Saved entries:

- - -

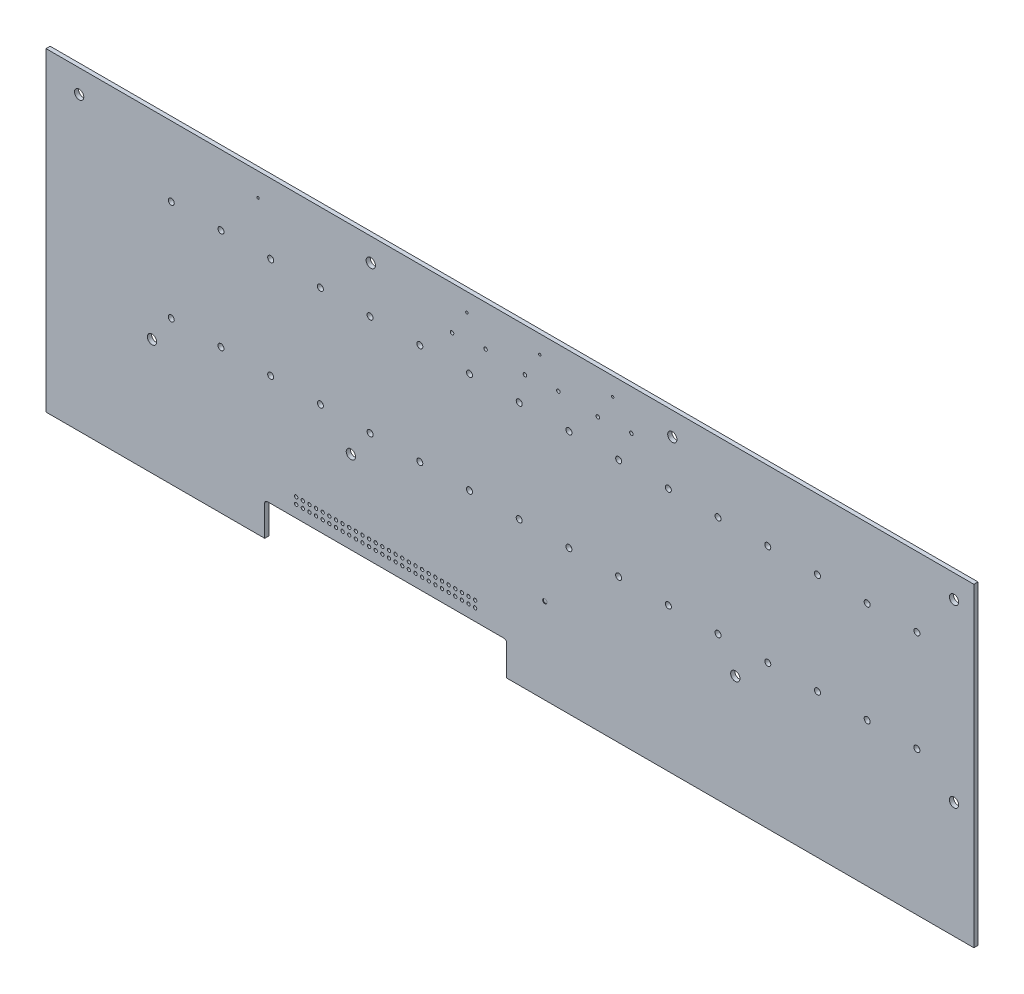
SolidWorks part; units mm, degrees
ref_plane "Front" through (0, 0, 0) normal (0, 0, 1) x (1, 0, 0)
ref_plane "Top" through (0, 0, 0) normal (0, 1, 0) x (1, 0, 0)
ref_plane "Right" through (0, 0, 0) normal (1, 0, 0) x (0, 0, -1)
sketch "Sketch1" plane through (0, 0, 0) normal (0, 0, 1) x (1, 0, 0)
  line L1 (0, 0) -> (355.6, 0)
  line L2 (0, 0) -> (0, -120.65)
  line L3 (0, -120.65) -> (355.6, -120.65)
  line L4 (355.6, 0) -> (355.6, -120.65)
  dimension "D1" = 120.65
  dimension "D2" = 355.6
extrude "Extrude1" add sketch "Sketch1" along normal blind 1.5748
sketch "DSPboard connector holes" plane through (0, 0, 1.5748) normal (0, 0, 1) x (1, 0, 0)
  line L0 (0, -120.65) -> (355.6, -120.65) construction
  line L1 (0, 0) -> (0, -120.65) construction
  circle A0 centre (48.006, -65.532) radius 1.15
  circle A1 centre (48.006, -26.802) radius 1.15
  dimension "D1" = 2.3
  dimension "D4" = 2.3
  dimension "D2" = 55.118
  dimension "D3" = 48.006
  dimension "D5" = 38.73
extrude "Cut-Extrude1" cut sketch "DSPboard connector holes" against normal blind 2.54
pattern_linear "LPattern1" count 16 spacing 19.05 along (1, 0, 0) of "Cut-Extrude1"
sketch "Sketch2" plane through (0, 0, 1.5748) normal (0, 0, 1) x (1, 0, 0)
  line L0 (0, -120.65) -> (355.6, -120.65) construction
  line L1 (0, 0) -> (0, -120.65) construction
  circle A0 centre (12.7, -8.89) radius 1.778
  circle A1 centre (124.46, -8.89) radius 1.778
  circle A2 centre (240.03, -8.89) radius 1.778
  circle A3 centre (347.98, -8.89) radius 1.778
  circle A4 centre (40.64, -76.2) radius 1.778
  circle A5 centre (116.84, -76.2) radius 1.778
  circle A6 centre (264.16, -76.2) radius 1.778
  circle A7 centre (347.98, -76.2) radius 1.778
  dimension "D1" = 3.556
  dimension "D4" = 3.556
  dimension "D5" = 3.556
  dimension "D6" = 3.556
  dimension "D10" = 3.556
  dimension "D11" = 3.556
  dimension "D12" = 3.556
  dimension "D13" = 3.556
  dimension "D2" = 111.76
  dimension "D3" = 12.7
  dimension "D7" = 124.46
  dimension "D8" = 240.03
  dimension "D9" = 347.98
  dimension "D14" = 44.45
  dimension "D15" = 40.64
  dimension "D16" = 116.84
  dimension "D17" = 264.16
  dimension "D18" = 347.98
extrude "PCB Mount holes" cut sketch "Sketch2" against normal blind 2.54
sketch "Sketch6" plane through (0, 0, 1.5748) normal (0, 0, 1) x (1, 0, 0)
  line L1 (0, 0) -> (0, -120.65) construction
  line L2 (355.6, 0) -> (0, 0) construction
  circle A4 centre (168.4383, -15.51) radius 0.675
  circle A5 centre (155.6083, -16.51) radius 0.675
  dimension "D2" = 16.51
  dimension "D8" = 1.35
  dimension "D9" = 1.35
  dimension "D11" = 12.83
  dimension "D14" = 155.6083
extrude "Peripheral-SATA" cut sketch "Sketch6" against normal blind 2.54
sketch "Sketch7" plane through (0, 0, 1.5748) normal (0, 0, 1) x (1, 0, 0)
  line L0 (355.6, 0) -> (0, 0) construction
  line L1 (0, 0) -> (0, -120.65) construction
  circle A0 centre (217.17, -6.985) radius 0.45
  circle A1 centre (189.23, -6.985) radius 0.45
  circle A2 centre (161.29, -6.985) radius 0.45
  circle A3 centre (81.28, -8.89) radius 0.45
  dimension "D1" = 0.9
  dimension "D4" = 0.8999
  dimension "D5" = 0.8999
  dimension "D6" = 0.8999
  dimension "D2" = 27.94
  dimension "D3" = 27.94
  dimension "D8" = 6.985
  dimension "D9" = 8.89
  dimension "D10" = 81.28
  dimension "D11" = 161.29
extrude "Off-board header holes" cut sketch "Sketch7" against normal blind 2.54
sketch "Sketch9" plane through (0, 0, 1.5748) normal (0, 0, 1) x (1, 0, 0)
  line L0 (0, -120.65) -> (355.6, -120.65) construction
  line L1 (84.836, -107.95) -> (175.514, -107.95)
  line L2 (83.82, -108.966) -> (83.82, -120.65)
  line L3 (83.82, -120.65) -> (176.53, -120.65)
  line L4 (176.53, -108.966) -> (176.53, -120.65)
  line L5 (0, 0) -> (0, -120.65) construction
  arc A0 (175.514, -107.95) -> (176.53, -108.966) centre (175.514, -108.966) cw
  arc A1 (83.82, -108.966) -> (84.836, -107.95) centre (84.836, -108.966) cw
  dimension "D1" = 1.016
  dimension "D2" = 1.016
  dimension "D3" = 92.71
  dimension "D4" = 83.82
  dimension "D5" = 12.7
extrude "NIC cutout" cut sketch "Sketch9" against normal blind 2.54
sketch "Sketch10" plane through (0, 0, 1.5748) normal (0, 0, 1) x (1, 0, 0)
  line L2 (175.514, -107.95) -> (84.836, -107.95) construction
  line L3 (176.53, -120.65) -> (176.53, -108.966) construction
  circle A0 centre (164.465, -100.838) radius 0.635
  dimension "D1" = 1.27
  dimension "D2" = 7.112
  dimension "D3" = 12.065
extrude "Header Holes" cut sketch "Sketch10" against normal blind 2.54
sketch "BGA mount pos" plane through (0, 0, 1.5748) normal (0, 0, 1) x (1, 0, 0)
  line L0 (0, 0) -> (0, -120.65) construction
  line L1 (176.53, -120.65) -> (355.6, -120.65) construction
  circle A0 centre (191.2, -87.85) radius 0.8381
  point P0 (191.2, -87.85)
  point P1 (0, -90.4568)
  dimension "D1" = 191.2
  dimension "D2" = 32.8
extrude "Cut-Extrude11" cut sketch "BGA mount pos" against normal blind 0.254
pattern_linear "LPattern3" count 28 spacing 2.54 along (-1, 0, 0) count 2 spacing 2.54 along (0, -1, 0) of "Header Holes"
pattern_linear "LPattern4" count 3 spacing 27.94 along (1, 0, 0) of "Peripheral-SATA"

- - -

• _EXERCISE DIRECTIONS_:
Give all entries again verbatim, without any images.

• _FINISHED TASK_:
SolidWorks part; units mm, degrees
ref_plane "Front" through (0, 0, 0) normal (0, 0, 1) x (1, 0, 0)
ref_plane "Top" through (0, 0, 0) normal (0, 1, 0) x (1, 0, 0)
ref_plane "Right" through (0, 0, 0) normal (1, 0, 0) x (0, 0, -1)
sketch "Sketch1" plane through (0, 0, 0) normal (0, 0, 1) x (1, 0, 0)
  line L1 (0, 0) -> (355.6, 0)
  line L2 (0, 0) -> (0, -120.65)
  line L3 (0, -120.65) -> (355.6, -120.65)
  line L4 (355.6, 0) -> (355.6, -120.65)
  dimension "D1" = 120.65
  dimension "D2" = 355.6
extrude "Extrude1" add sketch "Sketch1" along normal blind 1.5748
sketch "DSPboard connector holes" plane through (0, 0, 1.5748) normal (0, 0, 1) x (1, 0, 0)
  line L0 (0, -120.65) -> (355.6, -120.65) construction
  line L1 (0, 0) -> (0, -120.65) construction
  circle A0 centre (48.006, -65.532) radius 1.15
  circle A1 centre (48.006, -26.802) radius 1.15
  dimension "D1" = 2.3
  dimension "D4" = 2.3
  dimension "D2" = 55.118
  dimension "D3" = 48.006
  dimension "D5" = 38.73
extrude "Cut-Extrude1" cut sketch "DSPboard connector holes" against normal blind 2.54
pattern_linear "LPattern1" count 16 spacing 19.05 along (1, 0, 0) of "Cut-Extrude1"
sketch "Sketch2" plane through (0, 0, 1.5748) normal (0, 0, 1) x (1, 0, 0)
  line L0 (0, -120.65) -> (355.6, -120.65) construction
  line L1 (0, 0) -> (0, -120.65) construction
  circle A0 centre (12.7, -8.89) radius 1.778
  circle A1 centre (124.46, -8.89) radius 1.778
  circle A2 centre (240.03, -8.89) radius 1.778
  circle A3 centre (347.98, -8.89) radius 1.778
  circle A4 centre (40.64, -76.2) radius 1.778
  circle A5 centre (116.84, -76.2) radius 1.778
  circle A6 centre (264.16, -76.2) radius 1.778
  circle A7 centre (347.98, -76.2) radius 1.778
  dimension "D1" = 3.556
  dimension "D4" = 3.556
  dimension "D5" = 3.556
  dimension "D6" = 3.556
  dimension "D10" = 3.556
  dimension "D11" = 3.556
  dimension "D12" = 3.556
  dimension "D13" = 3.556
  dimension "D2" = 111.76
  dimension "D3" = 12.7
  dimension "D7" = 124.46
  dimension "D8" = 240.03
  dimension "D9" = 347.98
  dimension "D14" = 44.45
  dimension "D15" = 40.64
  dimension "D16" = 116.84
  dimension "D17" = 264.16
  dimension "D18" = 347.98
extrude "PCB Mount holes" cut sketch "Sketch2" against normal blind 2.54
sketch "Sketch6" plane through (0, 0, 1.5748) normal (0, 0, 1) x (1, 0, 0)
  line L1 (0, 0) -> (0, -120.65) construction
  line L2 (355.6, 0) -> (0, 0) construction
  circle A4 centre (168.4383, -15.51) radius 0.675
  circle A5 centre (155.6083, -16.51) radius 0.675
  dimension "D2" = 16.51
  dimension "D8" = 1.35
  dimension "D9" = 1.35
  dimension "D11" = 12.83
  dimension "D14" = 155.6083
extrude "Peripheral-SATA" cut sketch "Sketch6" against normal blind 2.54
sketch "Sketch7" plane through (0, 0, 1.5748) normal (0, 0, 1) x (1, 0, 0)
  line L0 (355.6, 0) -> (0, 0) construction
  line L1 (0, 0) -> (0, -120.65) construction
  circle A0 centre (217.17, -6.985) radius 0.45
  circle A1 centre (189.23, -6.985) radius 0.45
  circle A2 centre (161.29, -6.985) radius 0.45
  circle A3 centre (81.28, -8.89) radius 0.45
  dimension "D1" = 0.9
  dimension "D4" = 0.8999
  dimension "D5" = 0.8999
  dimension "D6" = 0.8999
  dimension "D2" = 27.94
  dimension "D3" = 27.94
  dimension "D8" = 6.985
  dimension "D9" = 8.89
  dimension "D10" = 81.28
  dimension "D11" = 161.29
extrude "Off-board header holes" cut sketch "Sketch7" against normal blind 2.54
sketch "Sketch9" plane through (0, 0, 1.5748) normal (0, 0, 1) x (1, 0, 0)
  line L0 (0, -120.65) -> (355.6, -120.65) construction
  line L1 (84.836, -107.95) -> (175.514, -107.95)
  line L2 (83.82, -108.966) -> (83.82, -120.65)
  line L3 (83.82, -120.65) -> (176.53, -120.65)
  line L4 (176.53, -108.966) -> (176.53, -120.65)
  line L5 (0, 0) -> (0, -120.65) construction
  arc A0 (175.514, -107.95) -> (176.53, -108.966) centre (175.514, -108.966) cw
  arc A1 (83.82, -108.966) -> (84.836, -107.95) centre (84.836, -108.966) cw
  dimension "D1" = 1.016
  dimension "D2" = 1.016
  dimension "D3" = 92.71
  dimension "D4" = 83.82
  dimension "D5" = 12.7
extrude "NIC cutout" cut sketch "Sketch9" against normal blind 2.54
sketch "Sketch10" plane through (0, 0, 1.5748) normal (0, 0, 1) x (1, 0, 0)
  line L2 (175.514, -107.95) -> (84.836, -107.95) construction
  line L3 (176.53, -120.65) -> (176.53, -108.966) construction
  circle A0 centre (164.465, -100.838) radius 0.635
  dimension "D1" = 1.27
  dimension "D2" = 7.112
  dimension "D3" = 12.065
extrude "Header Holes" cut sketch "Sketch10" against normal blind 2.54
sketch "BGA mount pos" plane through (0, 0, 1.5748) normal (0, 0, 1) x (1, 0, 0)
  line L0 (0, 0) -> (0, -120.65) construction
  line L1 (176.53, -120.65) -> (355.6, -120.65) construction
  circle A0 centre (191.2, -87.85) radius 0.8381
  point P0 (191.2, -87.85)
  point P1 (0, -90.4568)
  dimension "D1" = 191.2
  dimension "D2" = 32.8
extrude "Cut-Extrude11" cut sketch "BGA mount pos" against normal blind 0.254
pattern_linear "LPattern3" count 28 spacing 2.54 along (-1, 0, 0) count 2 spacing 2.54 along (0, -1, 0) of "Header Holes"
pattern_linear "LPattern4" count 3 spacing 27.94 along (1, 0, 0) of "Peripheral-SATA"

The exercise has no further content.